I am thee most impatient person I have ever known to live on the face on this earth.Why can't I just be patient? It is extremely hard for me to sit still and be patient. Like a fidgeting child. Just a mess. Or maybe I am just too ambitious? No. No. I am just impatient. This restless desire to change gives my soul hives. I will never understand how I became this way. I just need to taste and relish the moments I am blessed with now. Because how many more moments will I get? Did I mention I worry a lot too?
Folks tell me all the time: Be patient. What exactly is patience? How can I keep her? I constantly pray for patience. But she always slipping out from between my fingers. My life is revolving and sometimes these twists and turns squeeze her out. But patience always sneaks back in. Man.

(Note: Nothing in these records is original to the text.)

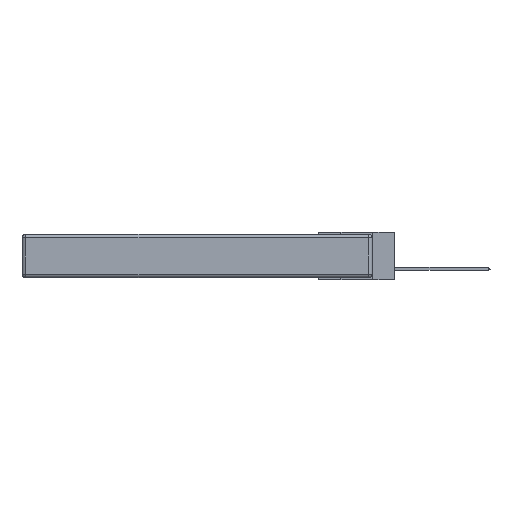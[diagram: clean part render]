
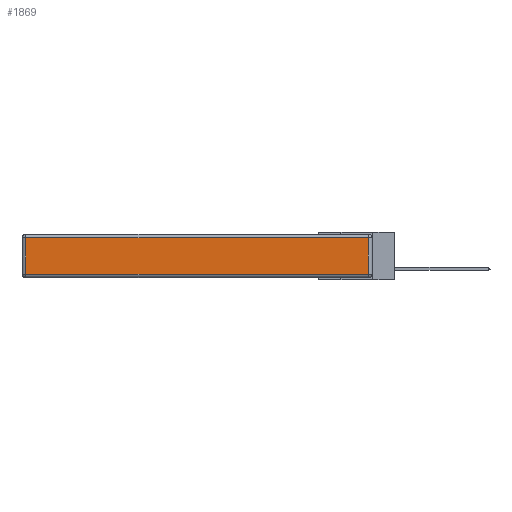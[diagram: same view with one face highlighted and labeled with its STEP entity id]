
A CAD part, left-side view. The second image highlights one B-rep face of the part: STEP entity #1869.
In plain terms, the highlighted planar face has unit normal (-1, 0, 0).
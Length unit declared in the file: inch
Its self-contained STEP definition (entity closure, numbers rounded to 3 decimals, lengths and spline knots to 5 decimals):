
#653 = VERTEX_POINT ( 'NONE', #16499 ) ;
#1216 = LINE ( 'NONE', #7050, #10733 ) ;
#1869 = ADVANCED_FACE ( 'NONE', ( #10007 ), #12858, .T. ) ;
#2475 = CARTESIAN_POINT ( 'NONE',  ( 0., 0.03, -0.313 ) ) ;
#2675 = VECTOR ( 'NONE', #15794, 39.37008 ) ;
#2804 = ORIENTED_EDGE ( 'NONE', *, *, #14156, .T. ) ;
#3905 = EDGE_LOOP ( 'NONE', ( #12989, #2804, #6705, #6047 ) ) ;
#4504 = DIRECTION ( 'NONE',  ( 0., 0., -1. ) ) ;
#5630 = CARTESIAN_POINT ( 'NONE',  ( 0., 2.75, -0.03 ) ) ;
#5714 = EDGE_CURVE ( 'NONE', #13755, #653, #18561, .T. ) ;
#5884 = CARTESIAN_POINT ( 'NONE',  ( 0., 0.03, -0.03 ) ) ;
#6047 = ORIENTED_EDGE ( 'NONE', *, *, #13037, .T. ) ;
#6311 = VERTEX_POINT ( 'NONE', #2475 ) ;
#6705 = ORIENTED_EDGE ( 'NONE', *, *, #5714, .T. ) ;
#7050 = CARTESIAN_POINT ( 'NONE',  ( 0., 0.03, -0.343 ) ) ;
#9873 = DIRECTION ( 'NONE',  ( -1., 0., 0. ) ) ;
#10007 = FACE_OUTER_BOUND ( 'NONE', #3905, .T. ) ;
#10733 = VECTOR ( 'NONE', #11337, 39.37008 ) ;
#11286 = CARTESIAN_POINT ( 'NONE',  ( 0., 2.72, -0.313 ) ) ;
#11337 = DIRECTION ( 'NONE',  ( 0., 0., 1. ) ) ;
#11473 = DIRECTION ( 'NONE',  ( 0., 0., 1. ) ) ;
#12080 = CARTESIAN_POINT ( 'NONE',  ( 0., 0., -0.313 ) ) ;
#12585 = VECTOR ( 'NONE', #17773, 39.37008 ) ;
#12858 = PLANE ( 'NONE',  #15217 ) ;
#12989 = ORIENTED_EDGE ( 'NONE', *, *, #17249, .T. ) ;
#13037 = EDGE_CURVE ( 'NONE', #653, #17921, #17352, .T. ) ;
#13145 = CARTESIAN_POINT ( 'NONE',  ( 0., 2.72, -0.343 ) ) ;
#13755 = VERTEX_POINT ( 'NONE', #5884 ) ;
#14156 = EDGE_CURVE ( 'NONE', #6311, #13755, #1216, .T. ) ;
#14364 = CARTESIAN_POINT ( 'NONE',  ( 0., 0., -0.343 ) ) ;
#14378 = LINE ( 'NONE', #12080, #12585 ) ;
#14391 = VECTOR ( 'NONE', #4504, 39.37008 ) ;
#15217 = AXIS2_PLACEMENT_3D ( 'NONE', #14364, #9873, #11473 ) ;
#15794 = DIRECTION ( 'NONE',  ( 0., 1., 0. ) ) ;
#16499 = CARTESIAN_POINT ( 'NONE',  ( 0., 2.72, -0.03 ) ) ;
#17249 = EDGE_CURVE ( 'NONE', #17921, #6311, #14378, .T. ) ;
#17352 = LINE ( 'NONE', #13145, #14391 ) ;
#17773 = DIRECTION ( 'NONE',  ( 0., -1., 0. ) ) ;
#17921 = VERTEX_POINT ( 'NONE', #11286 ) ;
#18561 = LINE ( 'NONE', #5630, #2675 ) ;

Patience is comprised of seeds of baby soft sweet nothings. Just precious; exporting remarkable energy through the veins of human life. (sigh) I will still follow the path of patience, the path of this incredible beauty. But...I'm sorry, sometimes I just can't wait. And that's when I stomp my foot, pout and feel condemned as a failure. Thank goodness for chocolate and my relationship with God. I may not always be patient. But He has patience for me. They say wait on the Lord. Good thing He waits on us too.
Gee wiz.

1 comment:

  1. I get this. I used to be very impatient as well.I still am just a little, but that is because I am usually rushing and I feel like the time is already limited. I slowed down. I just starting thinking, what is the big rush? I am enjoying being alive. I am enjoying my blessings. If I have to wait a little, it is okay because I would rather be waiting for something than to be waiting on nothing. Just my lil 2 cents. =)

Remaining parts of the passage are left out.